To provide this service, Adjust uses three identifiers which they anonymise using a technology called ‘hashing’. One identifier is one that Apple AppStore or Google Play gives your phone (depending on which app store you visited), The second identifier is your IP address which is like an address for your phone from your mobile network provider, and which may change if you take your phone to a different location. The third identifier is your MAC address, which is a unique number the phone manufacturer gives to the parts of your phone that connect to the internet. The hashing technology Adjust uses to anonymise these identifiers means that it is not possible to identify you or your mobile individually. Adjust then provide us with aggregated information.

We use Adjust with different advertising networks that allow us to show Yoti adverts on these networks. Adjust also pass back this aggregated information to these networks so they can improve their systems and do better at targeting relevant advertising.

See section 2 of Adjust’s privacy notice for more information:

https://www.adjust.com/privacy_policy/

You can opt out of Adjust analytics in the settings in the app.

In-house and Google analytics

Using our in-house software, and using Google Analytics, we collect some information from users and some information on when certain things happen as you use the app. This information includes information about your phone. Our in-house software does not track how you personally use our app.

The information is de-identified so that it is not associated with an identifiable user.

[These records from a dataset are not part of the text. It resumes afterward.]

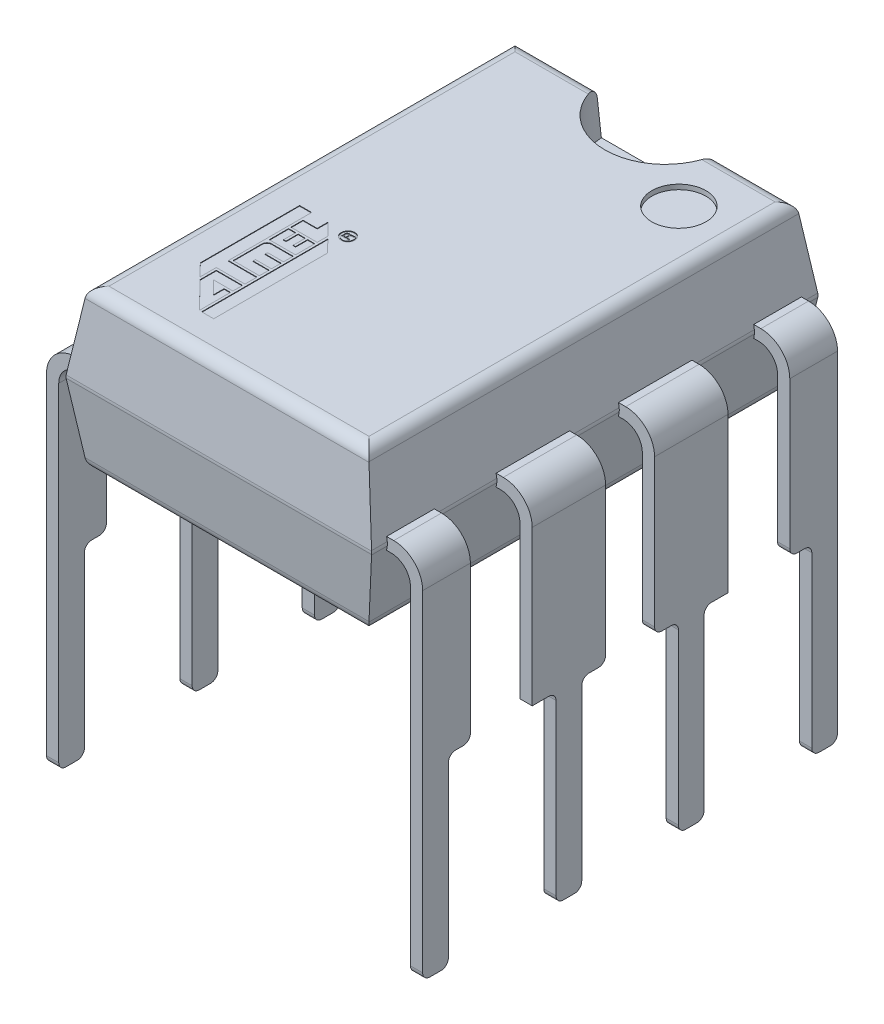
SolidWorks part; units mm, degrees
material "ABS"
ref_plane "Plano frontal" through (0, 0, 0) normal (0, 0, 1) x (1, 0, 0)
ref_plane "Plano superior" through (0, 0, 0) normal (0, 1, 0) x (1, 0, 0)
ref_plane "Plano direito" through (0, 0, 0) normal (1, 0, 0) x (0, 0, -1)
sketch "Esboço1" plane through (0, 0, 0) normal (0, 0, 1) x (1, 0, 0)
  line L0 (-3.175, 0) -> (3.175, 0) construction
  line L1 (3.1687, 0.0393) -> (2.9454, 1.4403)
  line L2 (2.6986, 1.651) -> (-2.6986, 1.651)
  line L3 (-2.9454, 1.4403) -> (-3.1687, 0.0393)
  line L4 (-3.1687, -0.0393) -> (-2.9454, -1.4403)
  line L5 (-2.6986, -1.651) -> (2.6986, -1.651)
  line L6 (3.1687, -0.0393) -> (2.9454, -1.4403)
  line L7 (-2.9119, -1.651) -> (-2.9119, 1.651) construction
  line L8 (2.9119, 1.651) -> (2.9119, -1.651) construction
  line L9 (2.9119, -1.651) -> (-2.9119, 1.651) construction
  line L10 (-2.9119, -1.651) -> (2.9119, 1.651) construction
  arc A0 (-2.6986, 1.651) -> (-2.9454, 1.4403) centre (-2.6986, 1.401) ccw
  arc A1 (-3.1687, -0.0393) -> (-3.1687, 0.0393) centre (-2.9218, 0) cw
  arc A2 (-2.9454, -1.4403) -> (-2.6986, -1.651) centre (-2.6986, -1.401) ccw
  arc A3 (2.6986, -1.651) -> (2.9454, -1.4403) centre (2.6986, -1.401) ccw
  arc A4 (3.1687, -0.0393) -> (3.1687, 0.0393) centre (2.9218, 0) ccw
  arc A5 (2.9454, 1.4403) -> (2.6986, 1.651) centre (2.6986, 1.401) ccw
  dimension "D3" = 0.25
  dimension "D1" = 6.35
  dimension "D2" = 3.302
  dimension "D4" = 5.8238
extrude "Ressalto-extrusão1" add sketch "Esboço1" along normal mid plane 9.271
sketch "Esboço2" plane through (0, 0, 0) normal (1, 0, 0) x (0, 0, -1)
  line L0 (0, 0) -> (6.8137, 0) construction
  line L1 (4.6319, 0.0301) -> (4.4621, 1.4311)
  line L2 (4.6355, -0.0393) -> (4.6355, 0.0393) construction
  line L3 (-4.6355, 1.651) -> (4.6355, 1.651) construction
  line L4 (4.214, 1.651) -> (3.6184, 1.651)
  line L5 (-4.6355, -1.651) -> (4.6355, -1.651) construction
  line L6 (4.4621, -1.4311) -> (4.6319, -0.0301)
  line L7 (3.6184, -1.651) -> (4.214, -1.651)
  line L8 (4.4355, 1.651) -> (5.0977, 1.651)
  line L9 (5.0977, 1.651) -> (5.0977, -1.651)
  line L10 (5.0977, -1.651) -> (4.4355, -1.651)
  line L11 (3.6184, 1.651) -> (3.6184, -1.651)
  line L13 (3.6184, 1.651) -> (5.0977, 1.651)
  line L14 (3.6184, 1.651) -> (3.6184, -1.651)
  line L15 (3.6184, -1.651) -> (5.0977, -1.651)
  line L16 (5.0977, 1.651) -> (5.0977, -1.651)
  arc A0 (4.4621, 1.4311) -> (4.214, 1.651) centre (4.214, 1.401) ccw
  arc A1 (4.6319, 0.0301) -> (4.6319, -0.0301) centre (4.3837, 0) cw
  arc A2 (4.214, -1.651) -> (4.4621, -1.4311) centre (4.214, -1.401) ccw
  point P20 (4.6355, 0)
  dimension "D1" = 0.25
  dimension "D2" = 0.6622
extrude "Corte-extrusão1" cut sketch "Esboço2" against normal through all both and the other way through all contours A1 L0 L9 L8 L13 A0 L1 | L0 A1 L6 A2 L15 L10 L16 region at (0, 0.8822, -4.8091) region at (0, -0.8822, -4.8091)
mirror "Espelhar1" about plane through (0, 0, 0) normal (0, 0, 1) of "Corte-extrusão1"
ref_plane "Plano1" through (0, 0, 1.27) normal (0, 0, 1) x (1, 0, 0)
sketch "Esboço3" plane through (0, 0, 1.27) normal (0, 0, 1) x (1, 0, 0)
  line L0 (-3.904, -7.495) -> (-3.904, -0.475)
  line L1 (-3.304, 0.125) -> (3.304, 0.125)
  line L2 (3.904, -0.475) -> (3.904, -7.495)
  line L3 (3.904, -7.495) -> (3.65, -7.495)
  line L4 (3.65, -7.495) -> (3.65, -0.525)
  line L5 (3.25, -0.125) -> (-3.25, -0.125)
  line L6 (-3.65, -0.525) -> (-3.65, -7.495)
  line L7 (-3.65, -7.495) -> (-3.904, -7.495)
  line L8 (0, -0.125) -> (0, 0.125) construction
  arc A0 (3.65, -0.525) -> (3.25, -0.125) centre (3.25, -0.525) ccw
  arc A1 (-3.25, -0.125) -> (-3.65, -0.525) centre (-3.25, -0.525) ccw
  arc A2 (3.304, 0.125) -> (3.904, -0.475) centre (3.304, -0.475) cw
  arc A3 (-3.904, -0.475) -> (-3.304, 0.125) centre (-3.304, -0.475) cw
  point P17 (3.904, 0.125)
  dimension "D5" = 0.4
  dimension "D6" = 0.6
  dimension "D1" = 0.254
  dimension "D2" = 0.25
  dimension "D3" = 7.3
  dimension "D4" = 7.62
extrude "Ressalto-extrusão2" add sketch "Esboço3" along normal mid plane 1.524
ref_plane "Plano2" through (0, 0, 3.81) normal (0, 0, 1) x (1, 0, 0)
sketch "Esboço4" plane through (0, 0, 3.81) normal (0, 0, 1) x (1, 0, 0)
  line L0 (3.1687, -0.0393) -> (3.1551, -0.125) construction
  line L1 (3.1551, -0.125) -> (3.25, -0.125) construction
  line L2 (3.65, -0.525) -> (3.65, -7.495) construction
  line L3 (3.65, -7.495) -> (3.904, -7.495) construction
  line L4 (3.904, -7.495) -> (3.904, -0.475) construction
  line L5 (3.304, 0.125) -> (3.1551, 0.125) construction
  line L6 (3.1551, 0.125) -> (3.1687, 0.0393) construction
  line L7 (-3.1687, 0.0393) -> (-3.1551, 0.125) construction
  line L8 (-3.1551, 0.125) -> (-3.304, 0.125) construction
  line L9 (-3.904, -0.475) -> (-3.904, -7.495) construction
  line L10 (-3.904, -7.495) -> (-3.65, -7.495) construction
  line L11 (-3.65, -7.495) -> (-3.65, -0.525) construction
  line L12 (-3.25, -0.125) -> (-3.1551, -0.125) construction
  line L13 (-3.1551, -0.125) -> (-3.1687, -0.0393) construction
  line L14 (3.1687, -0.0393) -> (3.1551, -0.125)
  line L15 (3.1551, -0.125) -> (3.25, -0.125)
  line L16 (3.65, -0.525) -> (3.65, -7.495)
  line L17 (3.65, -7.495) -> (3.904, -7.495)
  line L18 (3.904, -7.495) -> (3.904, -0.475)
  line L19 (3.304, 0.125) -> (3.1551, 0.125)
  line L20 (3.1551, 0.125) -> (3.1687, 0.0393)
  line L21 (-3.1687, 0.0393) -> (-3.1551, 0.125)
  line L22 (-3.1551, 0.125) -> (-3.304, 0.125)
  line L23 (-3.904, -0.475) -> (-3.904, -7.495)
  line L24 (-3.904, -7.495) -> (-3.65, -7.495)
  line L25 (-3.65, -7.495) -> (-3.65, -0.525)
  line L26 (-3.25, -0.125) -> (-3.1551, -0.125)
  line L27 (-3.1551, -0.125) -> (-3.1687, -0.0393)
  arc A0 (3.1687, -0.0393) -> (3.1687, 0.0393) centre (2.9218, 0) ccw construction
  arc A1 (3.65, -0.525) -> (3.25, -0.125) centre (3.25, -0.525) ccw construction
  arc A2 (3.904, -0.475) -> (3.304, 0.125) centre (3.304, -0.475) ccw construction
  arc A3 (-3.1687, 0.0393) -> (-3.1687, -0.0393) centre (-2.9218, 0) ccw construction
  arc A4 (-3.304, 0.125) -> (-3.904, -0.475) centre (-3.304, -0.475) ccw construction
  arc A5 (-3.25, -0.125) -> (-3.65, -0.525) centre (-3.25, -0.525) ccw construction
  arc A6 (3.1687, -0.0393) -> (3.1687, 0.0393) centre (2.9218, 0) ccw
  arc A7 (3.65, -0.525) -> (3.25, -0.125) centre (3.25, -0.525) ccw
  arc A8 (3.904, -0.475) -> (3.304, 0.125) centre (3.304, -0.475) ccw
  arc A9 (-3.1687, 0.0393) -> (-3.1687, -0.0393) centre (-2.9218, 0) ccw
  arc A10 (-3.304, 0.125) -> (-3.904, -0.475) centre (-3.304, -0.475) ccw
  arc A11 (-3.25, -0.125) -> (-3.65, -0.525) centre (-3.25, -0.525) ccw
extrude "Ressalto-extrusão3" add sketch "Esboço4" along normal mid plane 0.9906
mirror "Espelhar2" about plane through (0, 0, 0) normal (0, 0, 1) of "Ressalto-extrusão2", "Ressalto-extrusão3"
sketch "Esboço5" plane through (0, 0, 0) normal (1, 0, 0) x (0, 0, -1)
  line L0 (1.882, -3.683) -> (1.6867, -3.683)
  line L1 (2.032, -7.495) -> (2.032, -0.475) construction
  line L2 (1.5367, -3.833) -> (1.5367, -7.345)
  line L3 (2.032, -7.495) -> (0.508, -7.495) construction
  line L4 (1.3867, -7.495) -> (1.1533, -7.495)
  line L5 (1.0033, -7.345) -> (1.0033, -3.833)
  line L6 (0.8533, -3.683) -> (0.658, -3.683)
  line L7 (0.508, -7.495) -> (0.508, -0.475) construction
  line L8 (0.508, -3.683) -> (0.508, -7.7594)
  line L9 (0.508, -7.7594) -> (2.032, -7.7594)
  line L10 (2.032, -7.7594) -> (2.032, -3.683)
  line L11 (2.032, -3.683) -> (1.5367, -3.683)
  line L12 (-4.214, 1.651) -> (4.214, 1.651) construction
  line L13 (3.4647, -3.683) -> (3.6219, -3.683)
  line L14 (3.3147, -7.495) -> (3.3147, -0.475) construction
  line L15 (3.7719, -3.833) -> (3.7719, -7.345)
  line L16 (4.3053, -7.495) -> (3.3147, -7.495) construction
  line L17 (3.9219, -7.495) -> (4.1553, -7.495)
  line L18 (4.3053, -7.495) -> (4.3053, -7.9729)
  line L19 (4.3053, -7.9729) -> (3.3147, -7.9729)
  line L20 (3.3147, -7.9729) -> (3.3147, -3.683)
  line L21 (0.508, -3.533) -> (0.508, -2.7844)
  line L22 (0.508, -2.7844) -> (-0.1796, -2.7844)
  line L23 (-0.1796, -2.7844) -> (-0.1796, -7.8443)
  line L24 (-0.1796, -7.8443) -> (-0.0892, -7.8443)
  line L25 (-0.1796, -7.8443) -> (0.508, -7.7594)
  line L26 (2.032, -2.7844) -> (2.622, -2.7844)
  line L27 (2.622, -2.7844) -> (2.622, -7.495)
  line L28 (2.622, -7.495) -> (2.032, -7.495)
  line L29 (3.3147, -3.533) -> (3.3147, -2.7844)
  line L30 (3.3147, -2.7844) -> (3.0353, -2.7844)
  line L31 (3.0353, -2.7844) -> (3.0353, -7.8443)
  line L32 (3.0353, -7.8443) -> (3.3147, -7.9729)
  line L33 (2.032, -3.533) -> (2.032, -2.7844)
  line L34 (2.032, -2.7844) -> (2.0505, -2.7728)
  line L35 (3.3147, -3.683) -> (3.3147, -2.7844)
  line L36 (4.3053, -7.345) -> (4.3053, -7.2012)
  line L37 (4.3053, -7.495) -> (4.3053, -0.475) construction
  line L38 (4.3053, -7.2012) -> (4.8161, -7.2012)
  line L39 (4.8161, -7.2012) -> (4.3053, -7.9729)
  arc A0 (1.1533, -7.495) -> (1.0033, -7.345) centre (1.1533, -7.345) cw
  arc A1 (1.5367, -7.345) -> (1.3867, -7.495) centre (1.3867, -7.345) cw
  arc A2 (3.7719, -7.345) -> (3.9219, -7.495) centre (3.9219, -7.345) ccw
  arc A3 (3.6219, -3.683) -> (3.7719, -3.833) centre (3.6219, -3.833) cw
  arc A4 (3.4647, -3.683) -> (3.3147, -3.533) centre (3.4647, -3.533) cw
  arc A5 (2.032, -3.533) -> (1.882, -3.683) centre (1.882, -3.533) cw
  arc A6 (1.6867, -3.683) -> (1.5367, -3.833) centre (1.6867, -3.833) ccw
  arc A7 (0.8533, -3.683) -> (1.0033, -3.833) centre (0.8533, -3.833) cw
  arc A8 (0.508, -3.533) -> (0.658, -3.683) centre (0.658, -3.533) ccw
  arc A9 (4.1553, -7.495) -> (4.3053, -7.345) centre (4.1553, -7.345) ccw
  point P42 (1.0033, -7.495)
  point P45 (1.5367, -7.495)
  point P48 (3.7719, -7.495)
  point P56 (2.032, -3.683)
  dimension "D3" = 0.15
  dimension "D4" = 0.15
  dimension "D5" = 0.15
  dimension "D6" = 0.15
  dimension "D7" = 0.15
  dimension "D8" = 0.15
  dimension "D9" = 0.15
  dimension "D10" = 0.15
  dimension "D11" = 0.15
  dimension "D12" = 0.15
  dimension "D1" = 5.334
  dimension "D2" = 0.5334
extrude "Corte-extrusão3" cut sketch "Esboço5" against normal through all both and the other way through all contours L9 L10 L0 L2 L4 L5 L6 L8 | L20 L19 L18 L17 L15 L13 region at (0, -5.5664, -0.7693) region at (0, -6.1675, -3.6724)
mirror "Espelhar3" about plane through (0, 0, 0) normal (0, 0, 1) of "Corte-extrusão3"
sketch "Esboço7" plane through (0, 1.651, 0) normal (0, 1, 0) x (1, 0, 0)
  line L0 (-3.17, 4.6319) -> (3.17, 4.6319) construction
  line L1 (1.25, 4.6319) -> (-1.25, 4.6319)
  arc A0 (-1.25, 4.6319) -> (1.25, 4.6319) centre (0, 4.6319) ccw
  dimension "D1" = 2.5
extrude "Corte-extrusão4" cut sketch "Esboço7" against normal blind 0.9906
sketch "Esboço8" plane through (0, 1.651, 0) normal (0, 1, 0) x (1, 0, 0)
  line L0 (-1.0257, -3.7127) -> (-1.3257, -3.7127)
  line L1 (-1.3257, -3.7127) -> (-2.17, -2.8467)
  line L2 (-2.17, -2.8467) -> (-2.17, -0.484)
  line L3 (-2.17, -0.484) -> (-1.3257, -0.484)
  line L4 (-1.3257, -0.484) -> (-1.0257, -0.7917)
  line L5 (-1.0257, -0.7917) -> (-1.0257, -3.7127)
  line L6 (-1.5757, -0.7858) -> (-2.17, -0.7858)
  line L7 (-1.3257, -3.7127) -> (-1.3257, -0.484) construction
  line L8 (-1.92, -0.484) -> (-1.92, -2.5145)
  line L9 (-1.92, -2.5145) -> (-1.3257, -2.5145)
  line L10 (-1.92, -2.7645) -> (-1.92, -3.1031)
  line L11 (-1.92, -2.7645) -> (-1.3257, -2.7645)
  line L12 (-1.3257, -2.4645) -> (-1.87, -2.4645)
  line L13 (-1.87, -2.4645) -> (-1.87, -1.8645)
  line L14 (-1.77, -1.7645) -> (-1.3257, -1.7645)
  line L15 (-1.3257, -1.7645) -> (-1.3257, -1.9645)
  line L16 (-1.3257, -1.9645) -> (-1.636, -1.9645)
  line L17 (-1.656, -1.9845) -> (-1.656, -2.0145)
  line L18 (-1.656, -2.0145) -> (-1.3257, -2.0145)
  line L19 (-1.3257, -2.0145) -> (-1.3257, -2.2145)
  line L20 (-1.3257, -2.2145) -> (-1.656, -2.2145)
  line L21 (-1.656, -2.2145) -> (-1.656, -2.2645)
  line L22 (-1.656, -2.2645) -> (-1.3257, -2.2645)
  line L23 (-1.87, -1.3145) -> (-1.87, -1.7145)
  line L24 (-1.87, -1.7145) -> (-1.3257, -1.7145)
  line L25 (-1.3257, -1.7145) -> (-1.3257, -1.3145)
  line L26 (-1.5238, -1.3145) -> (-1.6719, -1.3145)
  line L27 (-1.5238, -1.3145) -> (-1.5238, -1.5645)
  line L28 (-1.5238, -1.5645) -> (-1.4738, -1.5645)
  line L29 (-1.4738, -1.5645) -> (-1.4738, -1.3145)
  line L30 (-1.2757, -3.7127) -> (-1.2757, -1.0936)
  line L31 (-1.6719, -1.3145) -> (-1.6719, -1.5645)
  line L32 (-1.6719, -1.5645) -> (-1.7219, -1.5645)
  line L33 (-1.7219, -1.5645) -> (-1.7219, -1.3145)
  line L34 (-1.7219, -1.3145) -> (-1.87, -1.3145)
  line L35 (-1.0257, -1.35) -> (-1.87, -0.484)
  line L36 (-1.87, -1.2645) -> (-1.87, -1.0145)
  line L37 (-1.87, -1.0145) -> (-1.5757, -1.0145)
  line L38 (-1.5757, -1.0145) -> (-1.5757, -0.7858)
  line L39 (-1.87, -1.2645) -> (-1.3257, -1.2645)
  line L40 (-1.3257, -3.709) -> (-1.87, -3.1507)
  line L41 (-1.87, -3.1507) -> (-1.87, -2.8145)
  line L42 (-1.87, -2.8145) -> (-1.3257, -2.8145)
  line L43 (-1.3257, -2.8145) -> (-1.3257, -3.0145)
  line L44 (-1.3257, -3.0145) -> (-1.7234, -3.0145)
  line L45 (-1.7234, -3.0145) -> (-1.4583, -3.2865)
  line L46 (-1.4583, -3.2865) -> (-1.4583, -3.0645)
  line L47 (-1.4583, -3.0645) -> (-1.3257, -3.0645)
  line L48 (-1.3257, -1.3145) -> (-1.4738, -1.3145)
  line L49 (-1.3257, -3.709) -> (-1.3257, -3.0645)
  line L50 (-1.3257, -3.0145) -> (-1.3257, -2.8145)
  line L51 (-1.3257, -2.7645) -> (-1.3257, -2.5145)
  line L52 (-1.3257, -2.4645) -> (-1.3257, -2.2645)
  line L53 (-1.3257, -1.9645) -> (-1.3257, -2.4202)
  line L54 (-1.3257, -1.2645) -> (-1.3257, -1.0423)
  arc A0 (-1.87, -1.8645) -> (-1.77, -1.7645) centre (-1.77, -1.8645) cw
  arc A1 (-1.636, -1.9645) -> (-1.656, -1.9845) centre (-1.636, -1.9845) ccw
  point P60 (-1.87, -1.7645)
  point P63 (-1.656, -1.9645)
  dimension "D20" = 0.1
  dimension "D21" = 0.02
  dimension "D1" = 0.25
  dimension "D2" = 0.25
  dimension "D3" = 0.25
  dimension "D4" = 0.25
  dimension "D5" = 0.2
  dimension "D6" = 0.05
  dimension "D7" = 0.05
  dimension "D8" = 0.25
  dimension "D9" = 3.2288
  dimension "D10" = 0.05
  dimension "D11" = 0.05
  dimension "D12" = 0.05
  dimension "D13" = 0.05
  dimension "D14" = 0.2
  dimension "D15" = 0.05
  dimension "D16" = 0.05
  dimension "D17" = 0.05
  dimension "D18" = 0.2
  dimension "D19" = 0.25
  dimension "D22" = 0.05
  dimension "D23" = 0.4
extrude "Corte-extrusão5" cut sketch "Esboço8" against normal blind 0.01 contours L5 L35 L30 L0 | L40 L49 L47 L46 L45 L44 L43 L42 L41 | L11 L51 L9 L8 L3 L2 L1 L10 | A1 L16 L15 L14 A0 L13 L12 L52 L22 L21 L20 L19 L18 L17 | L25 L48 L29 L28 L27 L26 L31 L32 L33 L34 L23 L24 | L39 L54 L35 L38 L37 L36 region at (-1.1529, 1.651, 2.4662) region at (-1.953, 1.651, 2.0434) region at (-1.5832, 1.651, 1.108) region at (-1.6066, 1.651, 2.1165) region at (-1.5979, 1.651, 1.5243) region at (-1.5904, 1.651, 3.4226)
sketch "Esboço9" plane through (0, 1.651, 0) normal (0, 1, 0) x (1, 0, 0)
  text T0 "<r90> ®</r>" font "Century Gothic" height in points 1
extrude "Corte-extrusão6" cut sketch "Esboço9" against normal blind 0.01
sketch "Esboço10" plane through (0, 1.651, 0) normal (0, 1, 0) x (1, 0, 0)
  circle A0 centre (1.7786, 3.1382) radius 0.5614
extrude "Corte-extrusão7" cut sketch "Esboço10" against normal blind 0.1

The information provides us with statistics on things like:

  • the number of people installing the app;
  • the number of accounts created successfully;
  • how long it takes on average to carry out certain actions in the app, such as taking a photo, uploading a document;
  • how many addresses are uploaded from a document and how many are manually added; the number of account backups, account recoveries, and account deletions;
  • the percentage of people who stop using the app at certain key points, such as accepting the terms and conditions, taking a photo and so on;
  • the number of users per country, age band, and gender.

These statistics are crucial for us to understand how our app is performing, where things are failing, and what kinds of users we have. This information helps us to understand where we need to focus our business, marketing and product development efforts and what app improvements we need to make.

Yoti Password Manager

We use Google Analytics and our in-house analytics to understand the following.

  • What percentage of overall registered Yoti users also registered for Password Manager
  • How many active Password Manager users there are
  • How many users use Password Manager for at least one website
  • How many users per country: based on a truncated IP address to give the country
  • Which browser is used: Chrome, Mozilla, Safari or Internet Explorer
  • Total number of uses of Password Manager in a day, week and month (not per user)

What's new

Last updated on: 6th November 2017

Section

Changes


All sections

We have made general improvements to the presentation and layout of many sections, and consolidated information where it was duplicated.


Information collection and use

We have added in information for Indian users about our use of Aadhaar data when you add this to your Yoti.

We have also made some amends to update information on our use of your data to reflect some internal changes, specifically around internal checks to make sure you only have one account, and new functionality, such as in relation to Dashboard.


Information sharing

We have removed information relating to MyVenue products developed by our sister company Yoti External Applications Ltd, as this now has its own privacy notice on the MyVenue websites.


Your rights and choices

We have added information on our in-house analytics to the section on access rights.

We have added a contact email for deletion requests other than closing your account.


Cookies and analytics

We have separated this into two sections so it is clearer.